State Water Resources Research Institute Program


Project ID: 2009ID138B
Title: Modeling Energy Implications of Water Management Decisions in the Upper Snake River Basin
Project Type: Research
Start Date: 3/01/2009
End Date: 2/28/2010
Congressional District: 1
Focus Categories: Management and Planning, Models, Hydrology
Keywords: Hydropower, River-Reservoir Model, Systems Dynamics, Snake River Basin, Surface and Ground Water Interaction
Principal Investigator: Johnson, Gary Steven (University of Idaho)
Federal Funds: $ 18,540
Non-Federal Matching Funds: $ 37,080
Abstract: Hydropower generation in the Pacific Northwest and use of the generated power is significantly impacted by competing water uses and associated water management planning in the upper Snake River basin. Up to 80% of the electrical power generation in the Pacific Northwest is produced by hydropower facilities, largely on the Snake and Columbia rivers. Power generation is impacted by the timing and magnitude of flows in the rivers which are in turn impacted by snowmelt runoff, reservoir management, irrigation diversions, and ground water returns to the rivers. Changes in water use and management, whether by design (e.g. management plans and reservoir operation rules) or incidental (e.g. caused by variation in crop prices), may alter flows through the river system and consequently the potential for electrical power generation. The Comprehensive Aquifer Management Plan (CAMP) for the eastern Snake River Plain targets adjusting water budgets by about 600,000 acre-feet/yr. Although flow of the Snake River will not be impacted to the same degree, even a change of 100,000 acre-feet/yr in river flow has the potential to produce a combined power generation and consumption effect of about 150 million kilowatt hours per year. To some degree, water managers are aware of the interconnection between water management and hydropower potential, but presently lack adequate tools to quantify the effects and express the impacts to the public.

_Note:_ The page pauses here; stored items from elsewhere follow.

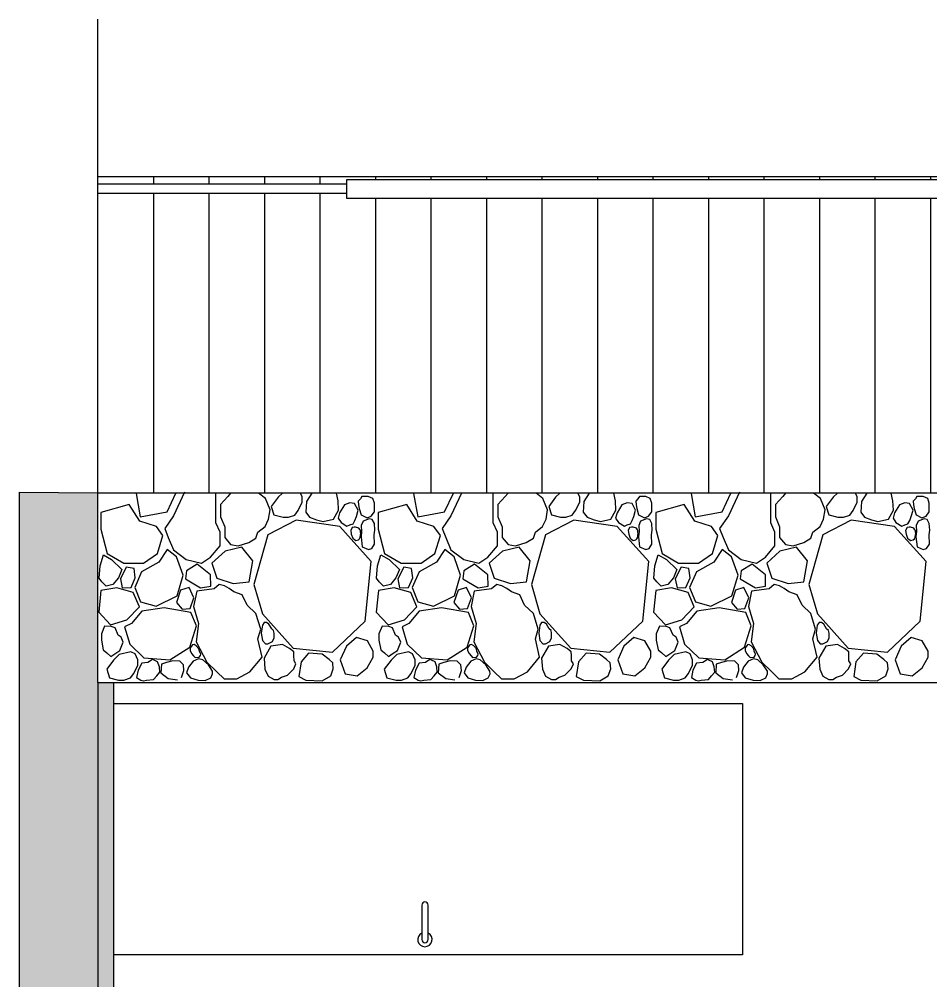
# Model space of a CAD drawing. Header units: millimetres. Extents: x 1116 to 6757, y -1736 to 5159.
# Drawn here: x 6031.5 to 6321.4, y -770.7 to -464.7 of the extents above; entities that cross this region are included whole.
import ezdxf

# ---------------------------------------------------------------- set-up
doc = ezdxf.new("R2010")
doc.units = ezdxf.units.MM
for name, color, linetype in [('A-DOOR-FULL', 3, 'Continuous'), ('A-FLOOR-LEVL', 3, 'Continuous'), ('A-FLOOR-STRS', 3, 'Continuous'), ('A-WALL-FULL-EXTR', 1, 'Continuous'), ('campiture muri sezionati', 253, 'Continuous'), ('RETINO', 20, 'Continuous')]:
    doc.layers.add(name, color=color, linetype=linetype)

msp = doc.modelspace()

# ---------------------------------------------------------------- hatches: boundary and pattern name
at = {"layer": 'campiture muri sezionati'}
h = msp.add_hatch(color=256, dxfattribs=at)
h.dxf.hatch_style = 1
h.paths.add_polyline_path([(6056.512, -1635.638), (6061.512, -1635.638), (6061.512, -1631.614), (6061.512, -1627.59), (6056.512, -1627.59), (6056.512, -615.505), (6031.512, -615.283), (6031.512, -1635.638)])
h = msp.add_hatch(color=256, dxfattribs=at)
h.dxf.hatch_style = 1
h.paths.add_polyline_path([(6056.512, -1627.59), (6061.512, -1627.59), (6061.512, -675.752), (6056.512, -675.752)])

# ---------------------------------------------------------------- linework, layer by layer
at = {"layer": 'A-DOOR-FULL'}
for p, q in [((6061.512, -682.485), (6261.512, -682.485)), ((6261.512, -682.485), (6261.512, -762.485)), ((6159.512, -746.594), (6159.512, -757.594)), ((6161.512, -757.594), (6161.512, -746.594)), ((6261.512, -762.485), (6061.512, -762.485))]:
    msp.add_line(p, q, dxfattribs=at)
for centre, radius, start, end in [((6160.512, -746.594), 1, 0, 180), ((6160.512, -757.594), 2.281, 115.99983, 64.00017), ((6160.512, -757.594), 1, 180, 0)]:
    msp.add_arc(centre, radius, start, end, dxfattribs=at)
at = {"layer": 'A-FLOOR-LEVL'}
msp.add_line((6061.512, -675.752), (6061.512, -1627.59), dxfattribs=at)
at = {"layer": 'A-FLOOR-STRS'}
for p, q in [((6056.512, -514.742), (6356.512, -514.742)), ((6074.162, -514.742), (6074.162, -517.242)), ((6091.812, -514.742), (6091.812, -517.242)), ((6109.462, -514.742), (6109.462, -517.242)), ((6127.112, -514.742), (6127.112, -517.242)), ((6135.721, -515.742), (6436.512, -515.742)), ((6135.721, -521.742), (6135.721, -515.742)), ((6144.762, -514.742), (6144.762, -515.742)), ((6162.412, -514.742), (6162.412, -515.742)), ((6180.062, -514.742), (6180.062, -515.742)), ((6197.712, -514.742), (6197.712, -515.742)), ((6215.362, -514.742), (6215.362, -515.742)), ((6233.012, -514.742), (6233.012, -515.742)), ((6250.662, -514.742), (6250.662, -515.742)), ((6268.312, -514.742), (6268.312, -515.742)), ((6285.962, -514.742), (6285.962, -515.742)), ((6303.612, -514.742), (6303.612, -515.742)), ((6321.262, -514.742), (6321.262, -515.742)), ((6135.721, -517.242), (6056.512, -517.242)), ((6135.721, -520.242), (6056.512, -520.242)), ((6074.162, -520.242), (6074.162, -615.505)), ((6091.812, -520.242), (6091.812, -615.505)), ((6109.462, -520.242), (6109.462, -615.505)), ((6127.112, -520.242), (6127.112, -615.505)), ((6436.512, -521.742), (6135.721, -521.742)), ((6144.762, -521.742), (6144.762, -615.505)), ((6162.412, -521.742), (6162.412, -615.505)), ((6180.062, -521.742), (6180.062, -615.505)), ((6197.712, -521.742), (6197.712, -615.505)), ((6215.362, -521.742), (6215.362, -615.505)), ((6233.012, -521.742), (6233.012, -615.505)), ((6250.662, -521.742), (6250.662, -615.505)), ((6268.312, -521.742), (6268.312, -615.505)), ((6285.962, -521.742), (6285.962, -615.505)), ((6303.612, -521.742), (6303.612, -615.505)), ((6321.262, -521.742), (6321.262, -615.505)), ((6056.512, -675.752), (6056.512, -1627.59))]:
    msp.add_line(p, q, dxfattribs=at)
at = {"layer": 'A-WALL-FULL-EXTR'}
for p, q in [((6056.512, -675.752), (6056.512, -464.742)), ((6031.512, -615.238), (6031.512, -1635.638)), ((6056.512, -615.505), (6031.512, -615.283)), ((6756.512, -615.505), (6056.512, -615.505)), ((6056.512, -675.752), (6621.512, -675.752))]:
    msp.add_line(p, q, dxfattribs=at)
at = {"layer": 'RETINO'}
for p, q in [((6068.696, -615.681), (6069.997, -623.038)), ((6078.541, -621.528), (6081.328, -615.503)), ((6069.997, -623.038), (6078.541, -621.528))]:
    msp.add_line(p, q, dxfattribs=at)
for points in [[(6084.083, -615.249), (6080.547, -622.807), (6077.758, -626.824), (6078.914, -629.616), (6080.551, -633.568), (6084.627, -636.629), (6089.456, -637.786), (6092.312, -635.948), (6095.373, -632.271), (6095.373, -627.981), (6094.013, -624.986), (6094.013, -621.99), (6094.013, -617.019), (6094.013, -615.505)], [(6098.73, -615.505), (6097.814, -616.621), (6095.487, -619.144), (6095.487, -623.092), (6096.844, -626.263), (6096.844, -629.692), (6098.714, -631.889), (6101.1, -632.321), (6104.5, -631.221), (6106.768, -629.826), (6107.421, -627.987), (6109.707, -626.189), (6110.809, -623.778), (6111.299, -620.876), (6109.808, -617.284)], [(6109.808, -617.284), (6107.641, -615.579), (6107.56, -615.505)], [(6115.206, -615.505), (6113.835, -616.842), (6111.661, -619.759), (6112.494, -622.491), (6115.408, -623.193), (6117.12, -623.193), (6119.146, -622.538), (6120.218, -621.091), (6121.501, -618.443), (6121.501, -616.757), (6120.953, -615.505)], [(6124.555, -615.505), (6122.86, -618.162), (6122.65, -621.561), (6123.855, -623.148), (6126.072, -624.055), (6128.111, -624.531), (6131.447, -623.833), (6133.024, -620.918), (6132.875, -618.013), (6132.354, -615.556), (6132.272, -615.505)], [(6139.631, -620.469), (6140.218, -622.396), (6142.11, -623.441), (6143.415, -622.886), (6144.426, -621.514), (6144.426, -618.771), (6143.945, -617.207), (6142.515, -616.571), (6140.479, -616.571), (6140.005, -617.397), (6139.31, -618.118), (6139.435, -619.261), (6139.631, -620.469)], [(6157.05, -615.505), (6156.923, -615.681), (6158.223, -623.038), (6166.767, -621.528), (6169.553, -615.505)], [(6172.189, -615.505), (6168.773, -622.807), (6165.985, -626.824), (6167.141, -629.616), (6168.777, -633.568), (6172.854, -636.629), (6177.682, -637.786), (6180.539, -635.948), (6183.599, -632.271), (6183.599, -627.981), (6182.239, -624.986), (6182.239, -621.99), (6182.239, -617.019), (6182.239, -615.505)], [(6186.957, -615.505), (6186.04, -616.621), (6183.713, -619.144), (6183.713, -623.092), (6185.071, -626.263), (6185.071, -629.692), (6186.94, -631.889), (6189.326, -632.321), (6192.727, -631.221), (6194.995, -629.826), (6195.648, -627.987), (6197.933, -626.189), (6199.036, -623.778), (6199.525, -620.876), (6198.034, -617.284)], [(6198.034, -617.284), (6195.867, -615.579), (6195.787, -615.505)], [(6203.432, -615.505), (6202.062, -616.842), (6199.888, -619.759), (6200.72, -622.491), (6203.634, -623.193), (6205.346, -623.193), (6207.372, -622.538), (6208.444, -621.091), (6209.727, -618.443), (6209.727, -616.757), (6209.179, -615.505)], [(6212.781, -615.505), (6211.087, -618.162), (6210.876, -621.561), (6212.081, -623.148), (6214.298, -624.055), (6216.337, -624.531), (6219.673, -623.833), (6221.25, -620.918), (6221.101, -618.013), (6220.581, -615.556), (6220.498, -615.505)], [(6227.857, -620.469), (6228.444, -622.396), (6230.336, -623.441), (6231.641, -622.886), (6232.652, -621.514), (6232.652, -618.771), (6232.171, -617.207), (6230.741, -616.571), (6228.705, -616.571), (6228.231, -617.397), (6227.536, -618.118), (6227.662, -619.261), (6227.857, -620.469)], [(6245.277, -615.505), (6245.149, -615.681), (6246.45, -623.038), (6254.993, -621.528), (6257.78, -615.505)], [(6260.536, -615.249), (6256.999, -622.807), (6254.211, -626.824), (6255.367, -629.616), (6257.004, -633.568), (6261.08, -636.629), (6265.909, -637.786), (6268.765, -635.948), (6271.826, -632.271), (6271.826, -627.981), (6270.465, -624.986), (6270.465, -621.99), (6270.465, -617.019), (6270.465, -615.505)], [(6275.183, -615.505), (6274.267, -616.621), (6271.94, -619.144), (6271.94, -623.092), (6273.297, -626.263), (6273.297, -629.692), (6275.167, -631.889), (6277.553, -632.321), (6280.953, -631.221), (6283.221, -629.826), (6283.874, -627.987), (6286.16, -626.189), (6287.262, -623.778), (6287.752, -620.876), (6286.261, -617.284)], [(6286.261, -617.284), (6284.093, -615.579), (6284.013, -615.505)], [(6291.658, -615.505), (6290.288, -616.842), (6288.114, -619.759), (6288.947, -622.491), (6291.861, -623.193), (6293.573, -623.193), (6295.598, -622.538), (6296.67, -621.091), (6297.953, -618.443), (6297.953, -616.757), (6297.406, -615.505)], [(6301.007, -615.505), (6299.313, -618.162), (6299.102, -621.561), (6300.308, -623.148), (6302.525, -624.055), (6304.564, -624.531), (6307.899, -623.833), (6309.477, -620.918), (6309.328, -618.013), (6308.807, -615.556), (6308.725, -615.505)], [(6316.084, -620.469), (6316.671, -622.396), (6318.563, -623.441), (6319.867, -622.886), (6320.879, -621.514), (6320.879, -618.771), (6320.398, -617.207), (6318.968, -616.571), (6316.932, -616.571), (6316.458, -617.397), (6315.763, -618.118), (6315.888, -619.261), (6316.084, -620.469)], [(6069.835, -624.5), (6066.497, -619.181), (6057.439, -621.704), (6057.439, -627.023), (6059.482, -634.797), (6064.726, -637.865), (6071.061, -637.865), (6075.488, -634.729), (6077.191, -629.069), (6075.147, -626.137), (6069.835, -624.5)], [(6138.714, -623.002), (6139.281, -620.907), (6138.153, -618.87), (6136.644, -618.63), (6134.936, -619.303), (6133.365, -621.806), (6132.908, -623.51), (6133.849, -624.909), (6135.707, -626.075), (6136.613, -625.592), (6137.66, -625.332), (6138.2, -624.217), (6138.714, -623.002)], [(6158.061, -624.5), (6154.724, -619.181), (6145.665, -621.704), (6145.665, -627.023), (6147.708, -634.797), (6152.953, -637.865), (6159.287, -637.865), (6163.714, -634.729), (6165.417, -629.069), (6163.374, -626.137), (6158.061, -624.5)], [(6226.94, -623.002), (6227.507, -620.907), (6226.379, -618.87), (6224.87, -618.63), (6223.162, -619.303), (6221.591, -621.806), (6221.134, -623.51), (6222.075, -624.909), (6223.933, -626.075), (6224.839, -625.592), (6225.886, -625.332), (6226.427, -624.217), (6226.94, -623.002)], [(6246.287, -624.5), (6242.95, -619.181), (6233.891, -621.704), (6233.891, -627.023), (6235.935, -634.797), (6241.179, -637.865), (6247.513, -637.865), (6251.941, -634.729), (6253.643, -629.069), (6251.6, -626.137), (6246.287, -624.5)], [(6315.166, -623.002), (6315.734, -620.907), (6314.605, -618.87), (6313.097, -618.63), (6311.388, -619.303), (6309.818, -621.806), (6309.36, -623.51), (6310.301, -624.909), (6312.16, -626.075), (6313.065, -625.592), (6314.113, -625.332), (6314.653, -624.217), (6315.166, -623.002)], [(6108.847, -653.996), (6118.651, -664.868), (6131.101, -666.14), (6141.562, -656.298), (6143.465, -637.248), (6133.427, -626.123), (6119.601, -624.115), (6110.611, -628.852), (6106.154, -644.642), (6108.847, -653.996)], [(6144.568, -627.295), (6144.45, -625.215), (6143.756, -623.924), (6142.79, -623.731), (6140.869, -624.431), (6140.28, -625.829), (6140.369, -627.761), (6140.186, -629.41), (6140.546, -632.574), (6142.526, -633.469), (6143.601, -633.194), (6144.461, -631.817), (6144.346, -628.775), (6144.568, -627.295)], [(6197.073, -653.996), (6206.878, -664.868), (6219.328, -666.14), (6229.788, -656.298), (6231.691, -637.248), (6221.653, -626.123), (6207.827, -624.115), (6198.838, -628.852), (6194.38, -644.642), (6197.073, -653.996)], [(6232.794, -627.295), (6232.677, -625.215), (6231.983, -623.924), (6231.017, -623.731), (6229.095, -624.431), (6228.506, -625.829), (6228.596, -627.761), (6228.412, -629.41), (6228.773, -632.574), (6230.753, -633.469), (6231.827, -633.194), (6232.687, -631.817), (6232.573, -628.775), (6232.794, -627.295)], [(6285.299, -653.996), (6295.104, -664.868), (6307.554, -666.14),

River hydrographs are a result of the interaction of physical conditions controlling water supply and demand (i.e. runoff, evapotranspiration, aquifer conditions) with complex decisions distributing and allocating water for irrigation, flood control, recreation, and ecosystem services. In the Snake River system, the interactions of some of these relationships are simulated in the Fortran based Planning Model used by the Idaho Department of Water Resources and Idaho Power Company. The Planning Model, however, has limited ability to dynamically represent surface and ground water interaction and the logic is not easily understood by water interests and the public.

The goal of the proposed project is to evaluate the potential for systems dynamics modeling to: a) provide computational capabilities to reliably represent the dynamics of water flow and distribution in the Snake River above King Hill and the potential impacts of flow variations on hydropower generation and b) provide a visual representation and interface that communicates an understanding of simulated processes and results to a diverse audience. The STELLA systems dynamics software will be used to construct a prototype model. The water distribution portion of the model will be based on the existing IDWR Planning Model. Additional features and modification of the existing algorithm, determined in consultation with IDWR, will be added to the model to represent important aspects such as a dynamic representation of surface and ground water interaction. Hydropower generation estimation throughout the Columbia River System will be included in the additional features. The model will be verified by comparison of simulated flows and reservoir storage levels with measured monthly flows and storage for a historic period of at least 10 years.

The proposed model will provide a transparent and flexible tool to guide water management decisions as well as increase awareness and provide quantitative estimates of water management impacts on hydropower generation. The process and product of this research will also act as a catalyst for hydrologic and economic modeling activities of the recently funded National Science Foundation grant to Idaho universities addressing climate change.